Aiming at the application requirements of starting the energy storage system and the high-power motor, a proper motor starting mode needs to be selected to reduce the adverse effect on a power grid and equipment when the high-power motor is started, improve the stability of electric energy, reduce one-time investment waste and efficiently use the energy storage system.

SUMMERY OF THE UTILITY MODEL

The to-be-solved technical problem of the utility model is: the defects in the prior art are overcome, and a system for starting the high-power motor in an off-grid mode is provided.

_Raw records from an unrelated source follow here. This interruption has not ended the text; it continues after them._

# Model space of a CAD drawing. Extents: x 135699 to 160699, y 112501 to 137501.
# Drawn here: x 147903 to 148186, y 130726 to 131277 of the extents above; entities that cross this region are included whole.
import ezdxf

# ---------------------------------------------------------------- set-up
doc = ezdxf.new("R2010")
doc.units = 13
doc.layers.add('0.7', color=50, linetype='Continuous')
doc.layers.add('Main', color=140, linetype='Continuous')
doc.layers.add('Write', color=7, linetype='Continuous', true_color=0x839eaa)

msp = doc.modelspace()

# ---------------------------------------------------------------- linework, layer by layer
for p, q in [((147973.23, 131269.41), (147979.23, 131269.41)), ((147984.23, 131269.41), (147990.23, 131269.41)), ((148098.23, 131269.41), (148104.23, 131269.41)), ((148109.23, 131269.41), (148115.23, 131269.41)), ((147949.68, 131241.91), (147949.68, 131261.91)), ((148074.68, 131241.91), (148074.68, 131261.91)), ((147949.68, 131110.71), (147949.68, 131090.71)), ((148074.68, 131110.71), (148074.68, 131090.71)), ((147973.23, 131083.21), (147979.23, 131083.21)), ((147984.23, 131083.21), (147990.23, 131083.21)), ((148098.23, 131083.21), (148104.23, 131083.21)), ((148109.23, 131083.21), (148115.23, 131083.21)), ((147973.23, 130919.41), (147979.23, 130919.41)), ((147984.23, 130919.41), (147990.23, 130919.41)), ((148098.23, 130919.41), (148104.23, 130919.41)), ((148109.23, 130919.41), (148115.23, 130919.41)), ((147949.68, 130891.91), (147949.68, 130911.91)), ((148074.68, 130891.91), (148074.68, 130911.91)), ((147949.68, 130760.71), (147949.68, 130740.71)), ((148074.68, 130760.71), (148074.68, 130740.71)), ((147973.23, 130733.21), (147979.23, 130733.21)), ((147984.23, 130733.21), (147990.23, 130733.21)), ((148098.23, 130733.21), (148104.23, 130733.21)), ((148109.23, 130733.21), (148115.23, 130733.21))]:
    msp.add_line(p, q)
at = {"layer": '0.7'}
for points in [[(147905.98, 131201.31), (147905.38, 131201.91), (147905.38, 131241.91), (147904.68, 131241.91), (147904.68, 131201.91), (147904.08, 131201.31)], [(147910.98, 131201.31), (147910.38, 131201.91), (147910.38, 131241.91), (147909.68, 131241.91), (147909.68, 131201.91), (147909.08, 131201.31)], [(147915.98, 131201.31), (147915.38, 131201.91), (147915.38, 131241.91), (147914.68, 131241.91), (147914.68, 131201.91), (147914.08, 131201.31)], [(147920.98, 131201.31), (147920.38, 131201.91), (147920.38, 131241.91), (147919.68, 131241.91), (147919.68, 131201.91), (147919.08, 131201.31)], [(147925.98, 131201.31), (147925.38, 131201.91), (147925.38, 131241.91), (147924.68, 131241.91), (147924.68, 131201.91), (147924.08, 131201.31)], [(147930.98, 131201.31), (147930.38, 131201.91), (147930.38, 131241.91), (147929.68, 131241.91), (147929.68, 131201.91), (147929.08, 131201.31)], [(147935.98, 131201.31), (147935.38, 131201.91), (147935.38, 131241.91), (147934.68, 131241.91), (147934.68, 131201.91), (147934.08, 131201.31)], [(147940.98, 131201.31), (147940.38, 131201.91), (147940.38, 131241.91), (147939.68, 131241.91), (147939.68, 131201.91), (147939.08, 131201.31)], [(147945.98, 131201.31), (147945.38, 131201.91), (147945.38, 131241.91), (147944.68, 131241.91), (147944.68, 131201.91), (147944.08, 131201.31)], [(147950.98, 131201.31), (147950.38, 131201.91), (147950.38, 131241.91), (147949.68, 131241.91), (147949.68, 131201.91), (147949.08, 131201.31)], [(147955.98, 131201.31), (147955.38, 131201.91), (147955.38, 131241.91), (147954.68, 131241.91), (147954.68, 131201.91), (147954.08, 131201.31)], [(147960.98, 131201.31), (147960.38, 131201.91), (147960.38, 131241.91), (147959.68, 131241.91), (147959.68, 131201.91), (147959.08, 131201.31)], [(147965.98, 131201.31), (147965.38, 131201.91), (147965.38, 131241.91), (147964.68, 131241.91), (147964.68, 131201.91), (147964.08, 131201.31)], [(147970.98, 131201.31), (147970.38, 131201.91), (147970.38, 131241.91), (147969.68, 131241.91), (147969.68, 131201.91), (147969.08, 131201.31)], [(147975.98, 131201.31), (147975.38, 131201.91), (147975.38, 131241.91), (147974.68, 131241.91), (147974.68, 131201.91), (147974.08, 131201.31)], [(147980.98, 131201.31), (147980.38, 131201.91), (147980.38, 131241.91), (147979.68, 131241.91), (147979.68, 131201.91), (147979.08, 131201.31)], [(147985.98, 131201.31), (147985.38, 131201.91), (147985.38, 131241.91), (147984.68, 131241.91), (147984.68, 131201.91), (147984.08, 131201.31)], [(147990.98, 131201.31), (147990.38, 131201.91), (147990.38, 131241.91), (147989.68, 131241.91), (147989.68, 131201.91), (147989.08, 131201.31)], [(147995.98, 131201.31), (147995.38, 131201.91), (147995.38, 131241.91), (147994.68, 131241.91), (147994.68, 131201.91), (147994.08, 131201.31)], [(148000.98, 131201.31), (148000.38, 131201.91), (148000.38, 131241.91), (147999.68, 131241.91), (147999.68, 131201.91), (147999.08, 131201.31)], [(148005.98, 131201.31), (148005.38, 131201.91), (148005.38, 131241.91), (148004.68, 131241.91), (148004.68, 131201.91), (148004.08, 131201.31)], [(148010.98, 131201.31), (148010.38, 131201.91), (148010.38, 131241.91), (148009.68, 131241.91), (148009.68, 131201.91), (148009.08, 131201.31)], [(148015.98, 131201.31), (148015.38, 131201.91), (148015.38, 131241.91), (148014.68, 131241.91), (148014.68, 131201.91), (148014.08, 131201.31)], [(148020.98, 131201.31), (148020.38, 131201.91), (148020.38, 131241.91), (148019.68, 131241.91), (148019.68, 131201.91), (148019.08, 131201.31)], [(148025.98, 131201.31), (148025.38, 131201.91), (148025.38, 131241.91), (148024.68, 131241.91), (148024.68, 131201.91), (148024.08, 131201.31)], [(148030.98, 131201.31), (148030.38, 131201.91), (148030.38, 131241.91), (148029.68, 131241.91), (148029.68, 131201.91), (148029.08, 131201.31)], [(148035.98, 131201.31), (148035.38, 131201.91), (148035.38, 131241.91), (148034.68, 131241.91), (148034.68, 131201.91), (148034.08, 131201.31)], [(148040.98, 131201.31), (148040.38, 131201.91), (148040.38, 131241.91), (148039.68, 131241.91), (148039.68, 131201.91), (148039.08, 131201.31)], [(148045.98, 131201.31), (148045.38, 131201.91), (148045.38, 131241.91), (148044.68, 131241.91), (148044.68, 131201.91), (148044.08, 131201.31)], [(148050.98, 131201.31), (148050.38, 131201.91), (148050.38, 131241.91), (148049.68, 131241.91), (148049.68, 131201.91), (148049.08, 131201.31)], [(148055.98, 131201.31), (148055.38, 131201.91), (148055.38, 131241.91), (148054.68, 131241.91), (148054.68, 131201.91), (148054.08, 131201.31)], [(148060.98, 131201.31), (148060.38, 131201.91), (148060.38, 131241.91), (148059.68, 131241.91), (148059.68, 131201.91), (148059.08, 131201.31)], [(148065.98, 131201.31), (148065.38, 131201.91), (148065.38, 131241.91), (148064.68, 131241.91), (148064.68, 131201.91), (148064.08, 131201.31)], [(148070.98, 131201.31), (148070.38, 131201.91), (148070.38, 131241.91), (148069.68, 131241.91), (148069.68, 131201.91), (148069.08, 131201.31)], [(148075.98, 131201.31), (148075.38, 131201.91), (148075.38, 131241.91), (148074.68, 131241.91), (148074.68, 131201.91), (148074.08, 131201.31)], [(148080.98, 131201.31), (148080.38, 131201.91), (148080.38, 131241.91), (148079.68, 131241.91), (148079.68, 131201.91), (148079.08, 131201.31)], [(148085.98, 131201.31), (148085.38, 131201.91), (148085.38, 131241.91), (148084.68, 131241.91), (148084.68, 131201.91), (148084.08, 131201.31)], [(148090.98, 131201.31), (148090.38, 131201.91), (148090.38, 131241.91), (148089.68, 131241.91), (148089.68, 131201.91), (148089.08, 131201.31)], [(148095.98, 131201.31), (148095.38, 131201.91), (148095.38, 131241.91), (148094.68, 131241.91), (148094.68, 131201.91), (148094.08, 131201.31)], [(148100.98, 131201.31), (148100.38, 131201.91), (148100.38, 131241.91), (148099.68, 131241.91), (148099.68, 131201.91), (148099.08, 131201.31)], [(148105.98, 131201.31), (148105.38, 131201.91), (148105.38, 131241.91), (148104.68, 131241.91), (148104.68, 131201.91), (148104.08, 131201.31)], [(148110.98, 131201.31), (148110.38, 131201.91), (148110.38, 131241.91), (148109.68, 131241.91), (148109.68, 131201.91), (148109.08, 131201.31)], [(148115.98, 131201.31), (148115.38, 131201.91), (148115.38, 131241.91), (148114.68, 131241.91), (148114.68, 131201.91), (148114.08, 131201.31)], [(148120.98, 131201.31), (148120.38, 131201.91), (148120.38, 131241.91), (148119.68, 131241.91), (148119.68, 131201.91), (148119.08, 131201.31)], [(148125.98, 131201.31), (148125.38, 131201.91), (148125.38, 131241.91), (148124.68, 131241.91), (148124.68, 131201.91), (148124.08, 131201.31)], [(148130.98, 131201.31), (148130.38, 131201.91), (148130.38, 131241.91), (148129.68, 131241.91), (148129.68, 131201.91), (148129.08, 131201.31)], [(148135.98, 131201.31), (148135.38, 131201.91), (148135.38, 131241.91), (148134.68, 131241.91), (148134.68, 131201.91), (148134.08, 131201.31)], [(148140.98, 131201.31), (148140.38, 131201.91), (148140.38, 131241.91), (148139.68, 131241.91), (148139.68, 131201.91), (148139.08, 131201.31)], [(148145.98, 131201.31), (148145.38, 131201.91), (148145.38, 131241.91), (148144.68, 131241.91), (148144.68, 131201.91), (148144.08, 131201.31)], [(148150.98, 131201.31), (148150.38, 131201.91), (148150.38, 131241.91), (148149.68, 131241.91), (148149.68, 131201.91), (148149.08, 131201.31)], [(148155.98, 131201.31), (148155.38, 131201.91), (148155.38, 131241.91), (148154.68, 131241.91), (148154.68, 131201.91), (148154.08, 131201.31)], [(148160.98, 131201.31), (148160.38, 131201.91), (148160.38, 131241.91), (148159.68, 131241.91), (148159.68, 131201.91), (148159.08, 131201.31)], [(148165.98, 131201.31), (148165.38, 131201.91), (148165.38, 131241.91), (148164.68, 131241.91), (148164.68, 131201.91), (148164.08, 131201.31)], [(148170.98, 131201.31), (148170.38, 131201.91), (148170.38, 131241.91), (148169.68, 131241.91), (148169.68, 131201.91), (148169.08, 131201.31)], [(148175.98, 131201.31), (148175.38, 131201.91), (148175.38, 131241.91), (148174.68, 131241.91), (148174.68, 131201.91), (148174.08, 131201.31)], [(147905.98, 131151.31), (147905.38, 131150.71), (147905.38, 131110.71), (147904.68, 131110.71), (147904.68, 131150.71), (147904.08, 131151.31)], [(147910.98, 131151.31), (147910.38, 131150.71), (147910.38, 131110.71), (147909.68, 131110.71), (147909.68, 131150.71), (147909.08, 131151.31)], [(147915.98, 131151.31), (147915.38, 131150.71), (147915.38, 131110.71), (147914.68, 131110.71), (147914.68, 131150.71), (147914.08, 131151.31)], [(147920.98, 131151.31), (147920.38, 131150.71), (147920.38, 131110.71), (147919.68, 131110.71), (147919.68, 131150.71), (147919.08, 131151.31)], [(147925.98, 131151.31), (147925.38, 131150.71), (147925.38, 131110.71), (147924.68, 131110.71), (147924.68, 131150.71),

The utility model provides a technical scheme that its technical problem adopted is: a system for starting a high-power motor in an off-grid mode comprises an energy storage system, a frequency converter cabinet, a switching cabinet, a first motor and a second motor, wherein the frequency converter cabinet and the switching cabinet are hung on an alternating current bus output by the energy storage system, the frequency converter cabinet is connected with a switching cabinet through a lead, and the switching cabinet is electrically connected with the first motor and the second motor; the frequency converter cabinet mainly comprises a frequency converter, an input reactor and an output reactor, wherein the input reactor is connected to an input power supply wiring terminal of the frequency converter, the output reactor is connected to an output power supply wiring terminal of the frequency converter, and the frequency converter is also connected with an alternating current contactor; the switch cabinet mainly comprises a switch, a molded case circuit breaker, an alternating current contactor, a current transformer and a fuse.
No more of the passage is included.